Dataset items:
_ _ _ _ _ _ _

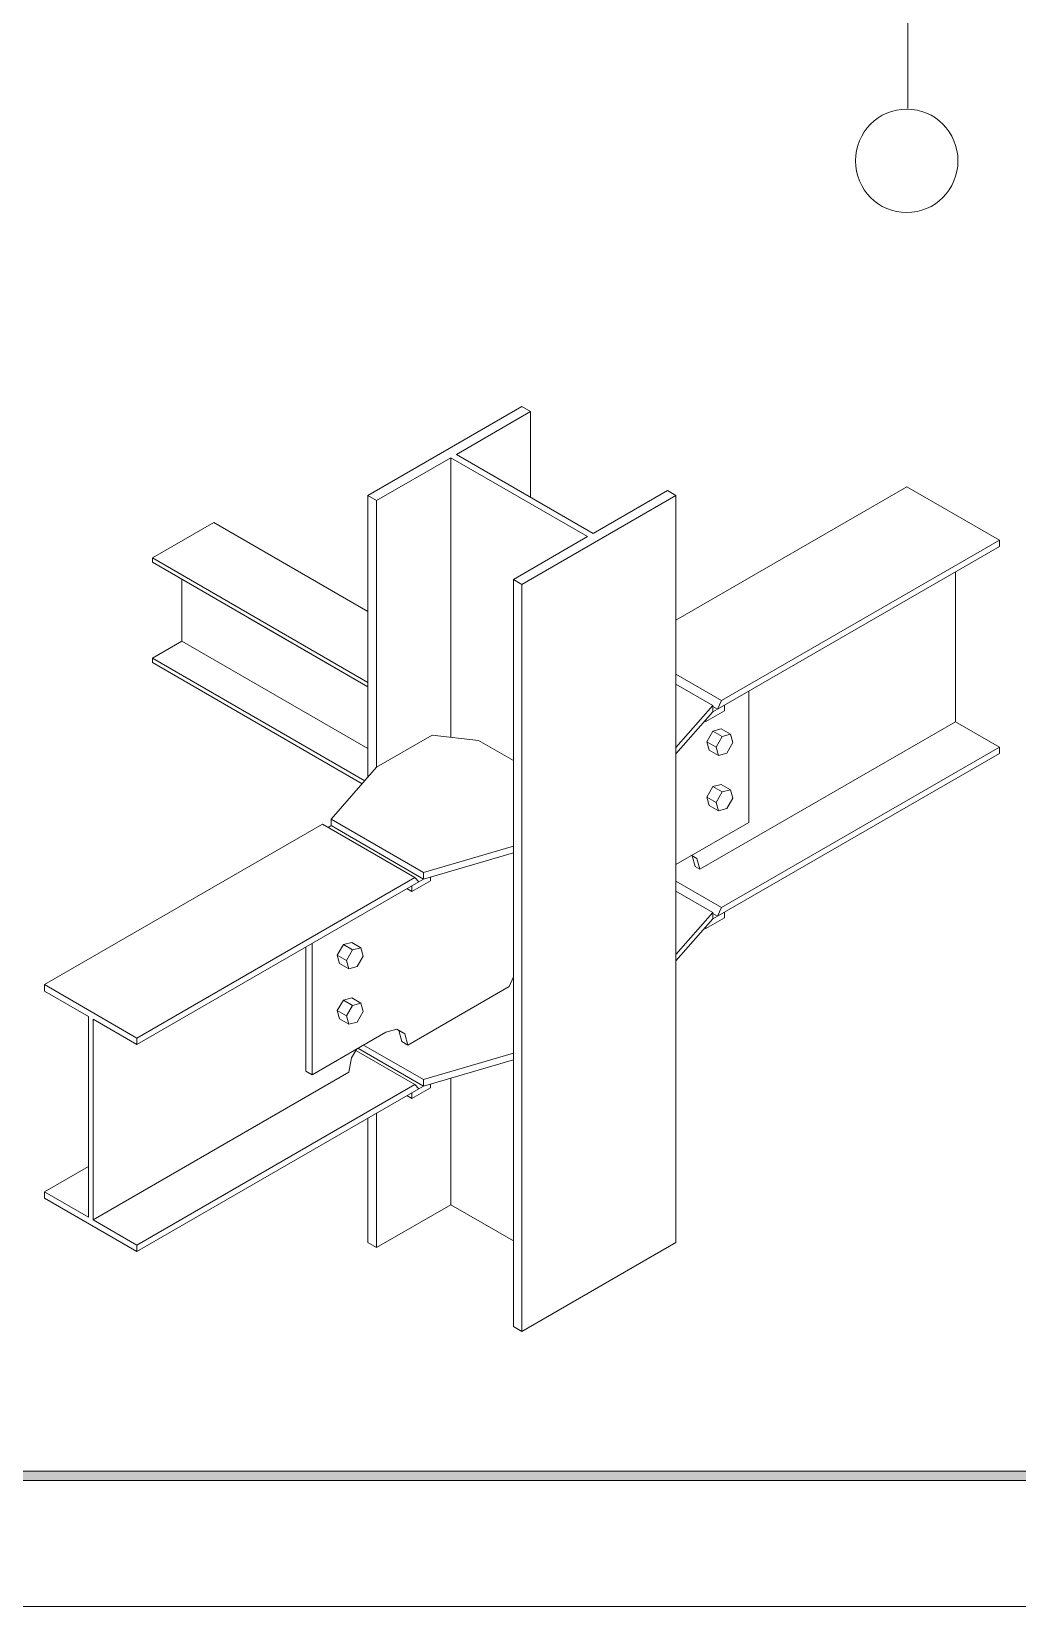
# Model space of a CAD drawing. Header units: millimetres. Extents: x 0 to 586, y 0 to 414.
# Drawn here: x 448.7 to 523.1, y 0 to 118.8 of the extents above; entities that cross this region are included whole.
import ezdxf

# ---------------------------------------------------------------- set-up
doc = ezdxf.new("R2010")
doc.units = ezdxf.units.MM

msp = doc.modelspace()

# ---------------------------------------------------------------- hatches: boundary and pattern name
h = msp.add_hatch(color=0)
h.dxf.hatch_style = 2
h.paths.add_polyline_path([(24.302861, 9.514417), (24.994306, 10.205861), (575.429944, 10.205861), (576.117861, 9.514417)])

# ---------------------------------------------------------------- linework, layer by layer
at = {"color": 0, "lineweight": 0}
for points in [[(0, 0), (585.632278, 0), (585.632278, 414.0835), (0, 414.0835)], [(24.302861, 9.514417), (24.994306, 10.205861), (575.429944, 10.205861), (576.117861, 9.514417)]]:
    msp.add_lwpolyline(points, close=True, dxfattribs=at)
for points in [[(514.847417, 112.99825), (514.847417, 196.800611)], [(485.736194, 90.512194), (474.119222, 83.802361)], [(486.388833, 90.134722), (485.736194, 90.512194)], [(480.786722, 86.903278), (486.388833, 90.134722)], [(486.388833, 90.134722), (486.388833, 83.668306)], [(491.105472, 80.944861), (480.786722, 86.903278)], [(474.768333, 83.428417), (480.370444, 86.659861)], [(480.370444, 86.659861), (490.685667, 80.704972)], [(480.370444, 65.570806), (480.370444, 86.659861)], [(497.356694, 74.411417), (514.783917, 84.472639)], [(514.783917, 84.472639), (521.758333, 80.447444)], [(474.768333, 83.428417), (474.119222, 83.802361)], [(474.119222, 83.802361), (474.119222, 62.561611)], [(474.768333, 63.302444), (474.768333, 83.428417)], [(485.736194, 77.096056), (497.356694, 83.802361)], [(491.105472, 80.944861), (496.707583, 84.179833)], [(497.356694, 83.802361), (496.707583, 84.179833)], [(497.356694, 83.802361), (497.356694, 27.453167)], [(462.498722, 81.773889), (457.852639, 79.092778)], [(462.498722, 81.773889), (474.119222, 75.067583)], [(485.087083, 77.47), (490.685667, 80.704972)], [(500.492889, 67.691), (521.758333, 79.967667)], [(521.758333, 80.447444), (500.785694, 68.343639)], [(521.758333, 80.447444), (521.758333, 79.967667)], [(474.119222, 69.698306), (457.852639, 79.092778)], [(457.852639, 79.092778), (457.852639, 78.768222)], [(457.852639, 78.768222), (474.119222, 69.377278)], [(460.082194, 77.480583), (460.082194, 72.813333)], [(485.087083, 77.47), (485.087083, 21.120806)], [(485.736194, 77.096056), (485.087083, 77.47)], [(518.44575, 78.055611), (518.44575, 66.745556)], [(485.736194, 20.746861), (485.736194, 77.096056)], [(474.119222, 69.377278), (465.112806, 74.577222)], [(460.082194, 72.813333), (457.852639, 71.525694)], [(474.119222, 64.710028), (460.082194, 72.813333)], [(473.86875, 62.275861), (457.852639, 71.525694)], [(457.852639, 71.525694), (457.852639, 71.201139)], [(457.852639, 71.201139), (473.681778, 62.064194)], [(500.785694, 68.343639), (497.356694, 70.322722)], [(497.356694, 69.581889), (500.143639, 67.973222)], [(502.852972, 59.136139), (502.852972, 69.052722)], [(500.143639, 67.973222), (497.356694, 64.794694)], [(501.015, 67.990861), (500.143639, 67.489917)], [(500.143639, 67.489917), (500.143639, 67.973222)], [(500.143639, 67.892083), (500.492889, 67.691)], [(500.492889, 67.691), (500.785694, 68.343639)], [(501.015, 67.564), (501.015, 67.990861)], [(497.356694, 64.311389), (500.143639, 67.489917)], [(518.44575, 66.745556), (499.155861, 55.608361)], [(499.543917, 66.802), (499.621528, 66.756139)], [(499.621528, 66.756139), (501.015, 67.564)], [(499.621528, 66.756139), (499.621528, 66.893722)], [(518.44575, 66.745556), (521.758333, 64.8335)], [(474.768333, 63.302444), (478.973444, 65.729556)], [(478.973444, 65.729556), (482.462417, 65.327389)], [(500.150694, 66.029417), (499.692083, 65.235667)], [(500.778639, 66.19875), (500.150694, 66.029417)], [(500.150694, 66.029417), (500.849194, 65.62725)], [(500.387056, 64.829972), (500.849194, 65.62725)], [(500.778639, 66.19875), (501.477139, 65.796583)], [(500.849194, 65.62725), (501.477139, 65.796583)], [(501.477139, 65.796583), (501.646472, 65.168639)], [(482.462417, 65.327389), (485.087083, 63.813972)], [(499.692083, 65.235667), (499.857889, 64.604194)], [(499.692083, 65.235667), (500.387056, 64.829972)], [(500.556389, 64.202028), (499.857889, 64.604194)], [(500.556389, 64.202028), (500.387056, 64.829972)], [(500.492889, 52.073528), (521.758333, 64.350194)], [(501.184333, 64.371361), (500.556389, 64.202028)], [(521.758333, 64.8335), (500.785694, 52.726167)], [(501.646472, 65.168639), (501.184333, 64.371361)], [(521.758333, 64.8335), (521.758333, 64.350194)], [(471.32875, 59.386611), (474.768333, 63.302444)], [(500.150694, 61.845472), (499.692083, 61.048194)], [(500.778639, 62.014806), (500.150694, 61.845472)], [(500.150694, 61.845472), (500.849194, 61.443306)], [(500.778639, 62.014806), (501.477139, 61.609111)], [(499.692083, 61.048194), (499.857889, 60.42025)], [(499.692083, 61.048194), (500.387056, 60.646028)], [(500.387056, 60.646028), (500.849194, 61.443306)], [(500.556389, 60.018083), (500.387056, 60.646028)], [(500.849194, 61.443306), (501.477139, 61.609111)], [(501.646472, 60.981167), (501.184333, 60.183889)], [(501.477139, 61.609111), (501.646472, 60.981167)], [(500.556389, 60.018083), (499.857889, 60.42025)], [(501.184333, 60.183889), (500.556389, 60.018083)], [(449.717583, 46.908861), (470.686694, 59.016194)], [(470.686694, 59.016194), (477.661111, 54.991)], [(471.1065, 58.772778), (471.32875, 58.903306)], [(478.299639, 55.361417), (471.32875, 59.386611)], [(471.32875, 58.903306), (471.32875, 59.386611)], [(471.32875, 58.903306), (478.299639, 54.878111)], [(502.852972, 59.136139), (497.356694, 55.964667)], [(485.087083, 57.344028), (478.299639, 55.361417)], [(485.087083, 56.86425), (485.087083, 57.344028)], [(478.299639, 54.878111), (485.087083, 56.86425)], [(498.940667, 56.423278), (498.545556, 56.649056)], [(498.591417, 56.624361), (498.810139, 55.809444)], [(499.155861, 55.608361), (498.940667, 56.423278)], [(477.661111, 54.991), (456.688472, 42.883667)], [(456.688472, 42.400361), (477.953917, 54.677028)], [(478.299639, 54.878111), (477.428278, 54.373639)], [(477.428278, 53.94325), (478.825278, 54.751111)], [(477.953917, 54.677028), (477.661111, 54.991)], [(478.299639, 54.878111), (478.299639, 55.361417)], [(478.825278, 54.751111), (478.825278, 55.029806)], [(500.785694, 52.726167), (497.356694, 54.70525)], [(498.810139, 55.809444), (499.155861, 55.608361)], [(477.057861, 54.158444), (477.428278, 53.94325)], [(477.428278, 53.94325), (477.428278, 54.373639)], [(497.356694, 53.964417), (500.143639, 52.35575)], [(500.143639, 52.35575), (497.356694, 49.177222)], [(501.015, 52.373389), (500.143639, 51.872444)], [(500.143639, 51.872444), (500.143639, 52.35575)], [(500.492889, 52.073528), (500.785694, 52.726167)], [(501.015, 51.946528), (501.015, 52.373389)], [(497.356694, 48.693917), (500.143639, 51.872444)], [(499.543917, 51.184528), (499.621528, 51.142194)], [(499.621528, 51.142194), (501.015, 51.946528)], [(499.621528, 51.142194), (499.621528, 51.27625)], [(500.143639, 52.274611), (500.492889, 52.073528)], [(469.9, 40.110833), (469.9, 50.027417)], [(472.263611, 49.932167), (471.805, 49.134889)], [(472.895083, 50.097972), (472.263611, 49.932167)], [(472.263611, 49.932167), (472.962111, 49.53)], [(472.895083, 50.097972), (473.590056, 49.695806)], [(469.434333, 49.759306), (469.434333, 40.378944)], [(471.805, 49.134889), (471.974333, 48.506944)], [(471.805, 49.134889), (472.5035, 48.732722)], [(472.5035, 48.732722), (472.962111, 49.53)], [(472.669306, 48.104778), (472.5035, 48.732722)], [(472.962111, 49.53), (473.590056, 49.695806)], [(473.759389, 49.067861), (473.300778, 48.270583)], [(473.590056, 49.695806), (473.759389, 49.067861)], [(472.669306, 48.104778), (471.974333, 48.506944)], [(473.300778, 48.270583), (472.669306, 48.104778)], [(456.688472, 42.883667), (449.717583, 46.908861)], [(449.717583, 46.425556), (449.717583, 46.908861)], [(449.717583, 46.425556), (453.030167, 44.5135)], [(484.773111, 46.76775), (477.128417, 42.350972)], [(485.087083, 47.490944), (484.773111, 46.76775)], [(472.263611, 45.744694), (471.805, 44.947417)], [(472.895083, 45.914028), (472.263611, 45.744694)], [(472.263611, 45.744694), (472.962111, 45.342528)], [(472.5035, 44.54525), (472.962111, 45.342528)], [(472.895083, 45.914028), (473.590056, 45.511861)], [(472.962111, 45.342528), (473.590056, 45.511861)], [(473.590056, 45.511861), (473.759389, 44.883917)], [(453.030167, 44.5135), (453.030167, 29.379333)], [(453.379417, 44.312417), (456.688472, 42.400361)], [(453.379417, 29.17825), (453.379417, 44.312417)], [(471.805, 44.947417), (471.974333, 44.319472)], [(471.805, 44.947417), (472.5035, 44.54525)], [(472.669306, 43.917306), (471.974333, 44.319472)], [(472.669306, 43.917306), (472.5035, 44.54525)], [(473.300778, 44.086639), (472.669306, 43.917306)], [(473.759389, 44.883917), (473.300778, 44.086639)], [(456.688472, 42.400361), (456.688472, 42.883667)], [(475.45625, 43.317583), (469.9, 40.110833)], [(476.292333, 43.543361), (475.45625, 43.317583)], [(476.902639, 43.190583), (476.292333, 43.543361)], [(476.4405, 43.458694), (476.66275, 42.622611)], [(477.128417, 42.350972), (476.902639, 43.190583)], [(473.279611, 42.061694), (472.8845, 41.377306)], [(473.209056, 41.94175), (477.661111, 39.373528)], [(473.364278, 42.111083), (478.299639, 39.260639)], [(478.299639, 39.743944), (473.780556, 42.350972)], [(477.128417, 42.350972), (476.66275, 42.622611)], [(485.087083, 41.730083), (478.299639, 39.743944)], [(485.087083, 41.246778), (485.087083, 41.730083)], [(472.8845, 41.377306), (472.665778, 40.311917)], [(478.299639, 39.260639), (485.087083, 41.246778)], [(472.665778, 40.311917), (453.379417, 29.17825)], [(477.661111, 39.373528), (456.688472, 27.266194)], [(469.9, 40.110833), (469.434333, 40.378944)], [(478.299639, 39.260639), (477.428278, 38.756167)], [(477.953917, 39.059556), (477.661111, 39.373528)], [(478.299639, 39.260639), (478.299639, 39.743944)], [(478.825278, 39.133639), (478.825278, 39.412333)], [(480.370444, 30.310667), (480.370444, 39.863889)], [(456.688472, 26.782889), (477.953917, 39.059556)], [(477.057861, 38.540972), (477.428278, 38.329306)], [(477.428278, 38.329306), (478.825278, 39.133639)], [(477.428278, 38.329306), (477.428278, 38.756167)], [(474.119222, 36.844111), (474.119222, 27.453167)], [(474.768333, 27.079222), (474.768333, 37.221583)], [(449.717583, 31.291389), (453.030167, 33.203444)], [(449.717583, 31.291389), (453.030167, 29.379333)], [(449.717583, 30.808083), (449.717583, 31.291389)], [(449.717583, 30.808083), (456.688472, 26.782889)], [(474.768333, 27.079222), (480.370444, 30.310667)], [(485.087083, 27.587222), (480.370444, 30.310667)], [(453.379417, 29.17825), (456.688472, 27.266194)], [(474.768333, 27.079222), (474.119222, 27.453167)], [(497.356694, 27.453167), (485.736194, 20.746861)], [(456.688472, 26.782889), (456.688472, 27.266194)], [(485.736194, 20.746861), (485.087083, 21.120806)]]:
    msp.add_lwpolyline(points, dxfattribs=at)
msp.add_ellipse((514.768042, 109.052431), major_axis=(0, 3.903486), ratio=0.990059, start_param=0, end_param=6.283185, dxfattribs=at)

doc.saveas('drawing.dxf')

_ _ _ _ _ _ _

* [What to produce]:
In the records above, locate each line with the word "ezdxf". Copy all such lines.

* [Exercise result]:
import ezdxf
doc = ezdxf.new("R2010")
doc.units = ezdxf.units.MM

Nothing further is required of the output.